■ **Exercise brief**: In the data below, find the line that contains "#57=EDGE_CURVE('E211',#48,#56,#54,.T.);" and the line that contains "#76=VECTOR('',#75,1.);". Copy both, plus every line between them, exactly.

■ **Given records**:

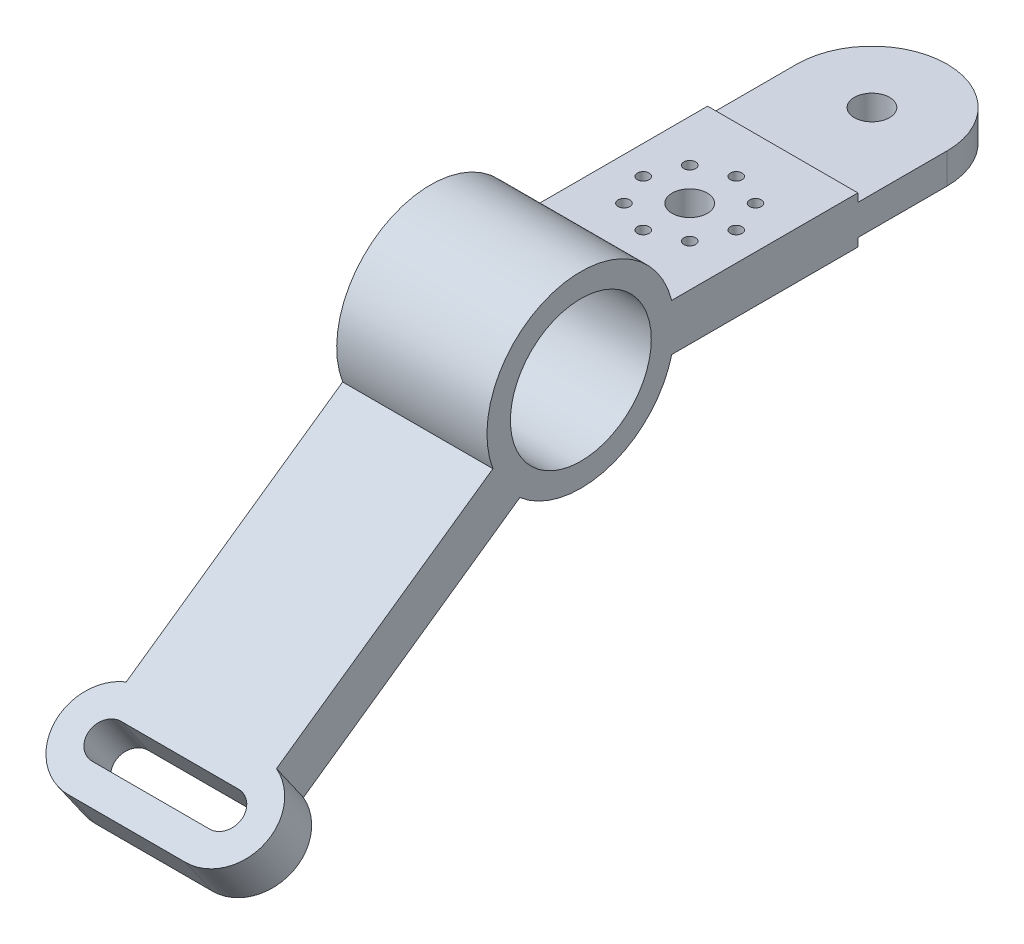
ISO-10303-21;
HEADER;
FILE_DESCRIPTION(('STEP AP214'),'2;1');
FILE_NAME('part.step','',(''),(''),'','','');
FILE_SCHEMA(('AUTOMOTIVE_DESIGN { 1 0 10303 214 1 1 1 1 }'));
ENDSEC;
DATA;
#1=APPLICATION_CONTEXT('core data for automotive mechanical design processes');
#2=APPLICATION_PROTOCOL_DEFINITION('international standard','automotive_design',2000,#1);
#3=PRODUCT_CONTEXT('',#1,'mechanical');
#4=PRODUCT('Part','Part','',(#3));
#5=PRODUCT_RELATED_PRODUCT_CATEGORY('part','',(#4));
#6=PRODUCT_DEFINITION_FORMATION('','',#4);
#7=PRODUCT_DEFINITION_CONTEXT('part definition',#1,'design');
#8=PRODUCT_DEFINITION('design','',#6,#7);
#9=PRODUCT_DEFINITION_SHAPE('','',#8);
#10=(LENGTH_UNIT() NAMED_UNIT(*) SI_UNIT(.MILLI.,.METRE.));
#11=(NAMED_UNIT(*) PLANE_ANGLE_UNIT() SI_UNIT($,.RADIAN.));
#12=(NAMED_UNIT(*) SI_UNIT($,.STERADIAN.) SOLID_ANGLE_UNIT());
#13=UNCERTAINTY_MEASURE_WITH_UNIT(LENGTH_MEASURE(1.E-05),#10,'distance_accuracy_value','');
#14=(GEOMETRIC_REPRESENTATION_CONTEXT(3) GLOBAL_UNCERTAINTY_ASSIGNED_CONTEXT((#13)) GLOBAL_UNIT_ASSIGNED_CONTEXT((#10,
#11,#12)) REPRESENTATION_CONTEXT('',''));
#15=CARTESIAN_POINT('',(0.,0.,0.));
#16=DIRECTION('',(0.,0.,1.));
#17=DIRECTION('',(1.,0.,0.));
#18=AXIS2_PLACEMENT_3D('',#15,#16,#17);
#19=CARTESIAN_POINT('',(32.,89.3164737367872,-144.991611892639));
#20=DIRECTION('',(1.,0.,0.));
#21=DIRECTION('',(0.,0.,-1.));
#22=AXIS2_PLACEMENT_3D('',#19,#20,#21);
#23=PLANE('',#22);
#24=DIRECTION('',(0.,0.819152044288995,0.573576436351042));
#25=VECTOR('',#24,1.);
#26=CARTESIAN_POINT('',(32.,-41.6797797436734,-52.0557005573729));
#27=LINE('',#26,#25);
#28=CARTESIAN_POINT('',(32.,-5.63708979495766,-26.818337357927));
#29=VERTEX_POINT('',#28);
#30=CARTESIAN_POINT('',(32.,10.7459510908222,-15.3468086309062));
#31=VERTEX_POINT('',#30);
#32=EDGE_CURVE('E260',#29,#31,#27,.T.);
#33=ORIENTED_EDGE('',*,*,#32,.F.);
#34=DIRECTION('',(0.,0.573576436351042,-0.819152044288995));
#35=VECTOR('',#34,1.);
#36=CARTESIAN_POINT('',(32.,-16.3830408857799,-11.4715287270208));
#37=LINE('',#36,#35);
#38=CARTESIAN_POINT('',(32.,58.9104334362514,-119.00175400072));
#39=VERTEX_POINT('',#38);
#40=EDGE_CURVE('E110',#29,#39,#37,.T.);
#41=ORIENTED_EDGE('',*,*,#40,.T.);
#42=CARTESIAN_POINT('',(32.,89.3164737367872,-144.991611892639));
#43=DIRECTION('',(1.,0.,0.));
#44=DIRECTION('',(0.,0.,-1.));
#45=AXIS2_PLACEMENT_3D('',#42,#43,#44);
#46=CIRCLE('',#45,40.);
#47=CARTESIAN_POINT('',(32.,79.3164737367872,-183.721445354714));
#48=VERTEX_POINT('',#47);
#49=EDGE_CURVE('E249',#39,#48,#46,.T.);
#50=ORIENTED_EDGE('',*,*,#49,.T.);
#51=DIRECTION('',(0.,0.,-1.));
#52=VECTOR('',#51,1.);
#53=CARTESIAN_POINT('',(32.,79.3164737367872,-262.99161189264));
#54=LINE('',#53,#52);
#55=CARTESIAN_POINT('',(32.,79.3164737367872,-262.99161189264));
#56=VERTEX_POINT('',#55);
#57=EDGE_CURVE('E211',#48,#56,#54,.T.);
#58=ORIENTED_EDGE('',*,*,#57,.T.);
#59=DIRECTION('',(0.,1.,0.));
#60=VECTOR('',#59,1.);
#61=CARTESIAN_POINT('',(32.,82.8164737367872,-262.99161189264));
#62=LINE('',#61,#60);
#63=CARTESIAN_POINT('',(32.,82.8164737367872,-262.99161189264));
#64=VERTEX_POINT('',#63);
#65=EDGE_CURVE('E239',#56,#64,#62,.T.);
#66=ORIENTED_EDGE('',*,*,#65,.T.);
#67=DIRECTION('',(0.,0.,-1.));
#68=VECTOR('',#67,1.);
#69=CARTESIAN_POINT('',(32.,82.8164737367872,-300.99161189264));
#70=LINE('',#69,#68);
#71=CARTESIAN_POINT('',(32.,82.8164737367872,-300.99161189264));
#72=VERTEX_POINT('',#71);
#73=EDGE_CURVE('E232',#64,#72,#70,.T.);
#74=ORIENTED_EDGE('',*,*,#73,.T.);
#75=DIRECTION('',(0.,1.,0.));
#76=VECTOR('',#75,1.);
#77=CARTESIAN_POINT('',(32.,95.8164737367872,-300.99161189264));
#78=LINE('',#77,#76);
#79=CARTESIAN_POINT('',(32.,95.8164737367872,-300.99161189264));
#80=VERTEX_POINT('',#79);
#81=EDGE_CURVE('E238',#72,#80,#78,.T.);
#82=ORIENTED_EDGE('',*,*,#81,.T.);
#83=DIRECTION('',(0.,0.,1.));
#84=VECTOR('',#83,1.);
#85=CARTESIAN_POINT('',(32.,95.8164737367872,-262.99161189264));
#86=LINE('',#85,#84);
#87=CARTESIAN_POINT('',(32.,95.8164737367872,-262.99161189264));
#88=VERTEX_POINT('',#87);
#89=EDGE_CURVE('E133',#80,#88,#86,.T.);
#90=ORIENTED_EDGE('',*,*,#89,.T.);
#91=DIRECTION('',(0.,1.,0.));
#92=VECTOR('',#91,1.);
#93=CARTESIAN_POINT('',(32.,99.3164737367872,-262.99161189264));
#94=LINE('',#93,#92);
#95=CARTESIAN_POINT('',(32.,99.3164737367872,-262.99161189264));
#96=VERTEX_POINT('',#95);
#97=EDGE_CURVE('E126',#88,#96,#94,.T.);
#98=ORIENTED_EDGE('',*,*,#97,.T.);
#99=DIRECTION('',(0.,0.,1.));
#100=VECTOR('',#99,1.);
#101=CARTESIAN_POINT('',(32.,99.3164737367872,-262.99161189264));
#102=LINE('',#101,#100);
#103=CARTESIAN_POINT('',(32.,99.3164737367872,-183.721445354714));
#104=VERTEX_POINT('',#103);
#105=EDGE_CURVE('E130',#96,#104,#102,.T.);
#106=ORIENTED_EDGE('',*,*,#105,.T.);
#107=CARTESIAN_POINT('',(32.,89.3164737367872,-144.991611892639));
#108=DIRECTION('',(1.,0.,0.));
#109=DIRECTION('',(0.,0.,-1.));
#110=AXIS2_PLACEMENT_3D('',#107,#108,#109);
#111=CIRCLE('',#110,40.);
#112=CARTESIAN_POINT('',(32.,75.2934743220313,-107.530225273699));
#113=VERTEX_POINT('',#112);
#114=EDGE_CURVE('E63',#104,#113,#111,.T.);
#115=ORIENTED_EDGE('',*,*,#114,.T.);
#116=DIRECTION('',(0.,-0.573576436351042,0.819152044288995));
#117=VECTOR('',#116,1.);
#118=CARTESIAN_POINT('',(32.,0.,0.));
#119=LINE('',#118,#117);
#120=EDGE_CURVE('E189',#113,#31,#119,.T.);
#121=ORIENTED_EDGE('',*,*,#120,.T.);
#122=EDGE_LOOP('',(#33,#41,#50,#58,#66,#74,#82,#90,#98,#106,#115,#121));
#123=FACE_BOUND('',#122,.T.);
#124=CARTESIAN_POINT('',(32.,89.3164737367872,-144.991611892639));
#125=DIRECTION('',(1.,0.,0.));
#126=DIRECTION('',(0.,0.,-1.));
#127=AXIS2_PLACEMENT_3D('',#124,#125,#126);
#128=CIRCLE('',#127,30.);
#129=CARTESIAN_POINT('',(32.,89.3164737367872,-174.991611892639));
#130=VERTEX_POINT('',#129);
#131=EDGE_CURVE('E160',#130,#130,#128,.T.);
#132=ORIENTED_EDGE('',*,*,#131,.F.);
#133=EDGE_LOOP('',(#132));
#134=FACE_BOUND('',#133,.T.);
#135=ADVANCED_FACE('F45',(#123,#134),#23,.T.);
#136=CARTESIAN_POINT('',(-32.,89.3164737367872,-144.991611892639));
#137=DIRECTION('',(1.,0.,0.));
#138=DIRECTION('',(0.,0.,-1.));
#139=AXIS2_PLACEMENT_3D('',#136,#137,#138);
#140=PLANE('',#139);
#141=DIRECTION('',(0.,0.573576436351042,-0.819152044288995));
#142=VECTOR('',#141,1.);
#143=CARTESIAN_POINT('',(-32.,-16.3830408857799,-11.4715287270208));
#144=LINE('',#143,#142);
#145=CARTESIAN_POINT('',(-32.,-5.63708979495766,-26.818337357927));
#146=VERTEX_POINT('',#145);
#147=CARTESIAN_POINT('',(-32.,58.9104334362514,-119.00175400072));
#148=VERTEX_POINT('',#147);
#149=EDGE_CURVE('E159',#146,#148,#144,.T.);
#150=ORIENTED_EDGE('',*,*,#149,.F.);
#151=DIRECTION('',(0.,0.819152044288995,0.573576436351042));
#152=VECTOR('',#151,1.);
#153=CARTESIAN_POINT('',(-32.,-41.6797797436734,-52.0557005573729));
#154=LINE('',#153,#152);
#155=CARTESIAN_POINT('',(-32.,10.7459510908222,-15.3468086309062));
#156=VERTEX_POINT('',#155);
#157=EDGE_CURVE('E267',#146,#156,#154,.T.);
#158=ORIENTED_EDGE('',*,*,#157,.T.);
#159=DIRECTION('',(0.,-0.573576436351042,0.819152044288995));
#160=VECTOR('',#159,1.);
#161=CARTESIAN_POINT('',(-32.,0.,0.));
#162=LINE('',#161,#160);
#163=CARTESIAN_POINT('',(-32.,75.2934743220313,-107.530225273699));
#164=VERTEX_POINT('',#163);
#165=EDGE_CURVE('E155',#164,#156,#162,.T.);
#166=ORIENTED_EDGE('',*,*,#165,.F.);
#167=CARTESIAN_POINT('',(-32.,89.3164737367872,-144.991611892639));
#168=DIRECTION('',(1.,0.,0.));
#169=DIRECTION('',(0.,0.,-1.));
#170=AXIS2_PLACEMENT_3D('',#167,#168,#169);
#171=CIRCLE('',#170,40.);
#172=CARTESIAN_POINT('',(-32.,99.3164737367872,-183.721445354714));
#173=VERTEX_POINT('',#172);
#174=EDGE_CURVE('E102',#173,#164,#171,.T.);
#175=ORIENTED_EDGE('',*,*,#174,.F.);
#176=DIRECTION('',(0.,0.,1.));
#177=VECTOR('',#176,1.);
#178=CARTESIAN_POINT('',(-32.,99.3164737367872,-262.99161189264));
#179=LINE('',#178,#177);
#180=CARTESIAN_POINT('',(-32.,99.3164737367872,-262.99161189264));
#181=VERTEX_POINT('',#180);
#182=EDGE_CURVE('E96',#181,#173,#179,.T.);
#183=ORIENTED_EDGE('',*,*,#182,.F.);
#184=DIRECTION('',(0.,1.,0.));
#185=VECTOR('',#184,1.);
#186=CARTESIAN_POINT('',(-32.,99.3164737367872,-262.99161189264));
#187=LINE('',#186,#185);
#188=CARTESIAN_POINT('',(-32.,95.8164737367872,-262.99161189264));
#189=VERTEX_POINT('',#188);
#190=EDGE_CURVE('E142',#189,#181,#187,.T.);
#191=ORIENTED_EDGE('',*,*,#190,.F.);
#192=DIRECTION('',(0.,0.,1.));
#193=VECTOR('',#192,1.);
#194=CARTESIAN_POINT('',(-32.,95.8164737367872,-262.99161189264));
#195=LINE('',#194,#193);
#196=CARTESIAN_POINT('',(-32.,95.8164737367872,-300.99161189264));
#197=VERTEX_POINT('',#196);
#198=EDGE_CURVE('E180',#197,#189,#195,.T.);
#199=ORIENTED_EDGE('',*,*,#198,.F.);
#200=DIRECTION('',(0.,1.,0.));
#201=VECTOR('',#200,1.);
#202=CARTESIAN_POINT('',(-32.,95.8164737367872,-300.99161189264));
#203=LINE('',#202,#201);
#204=CARTESIAN_POINT('',(-32.,82.8164737367872,-300.99161189264));
#205=VERTEX_POINT('',#204);
#206=EDGE_CURVE('E176',#205,#197,#203,.T.);
#207=ORIENTED_EDGE('',*,*,#206,.F.);
#208=DIRECTION('',(0.,0.,-1.));
#209=VECTOR('',#208,1.);
#210=CARTESIAN_POINT('',(-32.,82.8164737367872,-300.99161189264));
#211=LINE('',#210,#209);
#212=CARTESIAN_POINT('',(-32.,82.8164737367872,-262.99161189264));
#213=VERTEX_POINT('',#212);
#214=EDGE_CURVE('E172',#213,#205,#211,.T.);
#215=ORIENTED_EDGE('',*,*,#214,.F.);
#216=DIRECTION('',(0.,1.,0.));
#217=VECTOR('',#216,1.);
#218=CARTESIAN_POINT('',(-32.,82.8164737367872,-262.99161189264));
#219=LINE('',#218,#217);
#220=CARTESIAN_POINT('',(-32.,79.3164737367872,-262.99161189264));
#221=VERTEX_POINT('',#220);
#222=EDGE_CURVE('E169',#221,#213,#219,.T.);
#223=ORIENTED_EDGE('',*,*,#222,.F.);
#224=DIRECTION('',(0.,0.,-1.));
#225=VECTOR('',#224,1.);
#226=CARTESIAN_POINT('',(-32.,79.3164737367872,-262.99161189264));
#227=LINE('',#226,#225);
#228=CARTESIAN_POINT('',(-32.,79.3164737367872,-183.721445354714));
#229=VERTEX_POINT('',#228);
#230=EDGE_CURVE('E166',#229,#221,#227,.T.);
#231=ORIENTED_EDGE('',*,*,#230,.F.);
#232=CARTESIAN_POINT('',(-32.,89.3164737367872,-144.991611892639));
#233=DIRECTION('',(1.,0.,0.));
#234=DIRECTION('',(0.,0.,-1.));
#235=AXIS2_PLACEMENT_3D('',#232,#233,#234);
#236=CIRCLE('',#235,40.);
#237=EDGE_CURVE('E163',#148,#229,#236,.T.);
#238=ORIENTED_EDGE('',*,*,#237,.F.);
#239=EDGE_LOOP('',(#150,#158,#166,#175,#183,#191,#199,#207,#215,#223,#231,#238));
#240=FACE_BOUND('',#239,.T.);
#241=CARTESIAN_POINT('',(-32.,89.3164737367872,-144.991611892639));
#242=DIRECTION('',(1.,0.,0.));
#243=DIRECTION('',(0.,0.,-1.));
#244=AXIS2_PLACEMENT_3D('',#241,#242,#243);
#245=CIRCLE('',#244,30.);
#246=CARTESIAN_POINT('',(-32.,89.3164737367872,-174.991611892639));
#247=VERTEX_POINT('',#246);
#248=EDGE_CURVE('E256',#247,#247,#245,.T.);
#249=ORIENTED_EDGE('',*,*,#248,.T.);
#250=EDGE_LOOP('',(#249));
#251=FACE_BOUND('',#250,.T.);
#252=ADVANCED_FACE('F218',(#240,#251),#140,.F.);
#253=CARTESIAN_POINT('',(32.,0.,0.));
#254=DIRECTION('',(0.,-0.819152044288995,-0.573576436351042));
#255=DIRECTION('',(0.,0.573576436351042,-0.819152044288995));
#256=AXIS2_PLACEMENT_3D('',#253,#254,#255);
#257=PLANE('',#256);
#258=ORIENTED_EDGE('',*,*,#165,.T.);
#259=CARTESIAN_POINT('',(-25.,0.,0.));
#260=DIRECTION('',(0.,0.819152044288995,0.573576436351042));
#261=DIRECTION('',(0.,-0.573576436351042,0.819152044288995));
#262=AXIS2_PLACEMENT_3D('',#259,#260,#261);
#263=CIRCLE('',#262,20.);
#264=CARTESIAN_POINT('',(-25.,-11.4715287270208,16.3830408857799));
#265=VERTEX_POINT('',#264);
#266=EDGE_CURVE('E289',#156,#265,#263,.T.);
#267=ORIENTED_EDGE('',*,*,#266,.T.);
#268=DIRECTION('',(1.,0.,0.));
#269=VECTOR('',#268,1.);
#270=CARTESIAN_POINT('',(25.,-11.4715287270208,16.3830408857799));
#271=LINE('',#270,#269);
#272=CARTESIAN_POINT('',(25.,-11.4715287270208,16.3830408857799));
#273=VERTEX_POINT('',#272);
#274=EDGE_CURVE('E282',#265,#273,#271,.T.);
#275=ORIENTED_EDGE('',*,*,#274,.T.);
#276=CARTESIAN_POINT('',(25.,0.,0.));
#277=DIRECTION('',(0.,0.819152044288995,0.573576436351042));
#278=DIRECTION('',(0.,-0.573576436351042,0.819152044288995));
#279=AXIS2_PLACEMENT_3D('',#276,#277,#278);
#280=CIRCLE('',#279,20.);
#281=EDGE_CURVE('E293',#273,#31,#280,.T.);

■ **Solution for this problem**:
#57=EDGE_CURVE('E211',#48,#56,#54,.T.);
#58=ORIENTED_EDGE('',*,*,#57,.T.);
#59=DIRECTION('',(0.,1.,0.));
#60=VECTOR('',#59,1.);
#61=CARTESIAN_POINT('',(32.,82.8164737367872,-262.99161189264));
#62=LINE('',#61,#60);
#63=CARTESIAN_POINT('',(32.,82.8164737367872,-262.99161189264));
#64=VERTEX_POINT('',#63);
#65=EDGE_CURVE('E239',#56,#64,#62,.T.);
#66=ORIENTED_EDGE('',*,*,#65,.T.);
#67=DIRECTION('',(0.,0.,-1.));
#68=VECTOR('',#67,1.);
#69=CARTESIAN_POINT('',(32.,82.8164737367872,-300.99161189264));
#70=LINE('',#69,#68);
#71=CARTESIAN_POINT('',(32.,82.8164737367872,-300.99161189264));
#72=VERTEX_POINT('',#71);
#73=EDGE_CURVE('E232',#64,#72,#70,.T.);
#74=ORIENTED_EDGE('',*,*,#73,.T.);
#75=DIRECTION('',(0.,1.,0.));
#76=VECTOR('',#75,1.);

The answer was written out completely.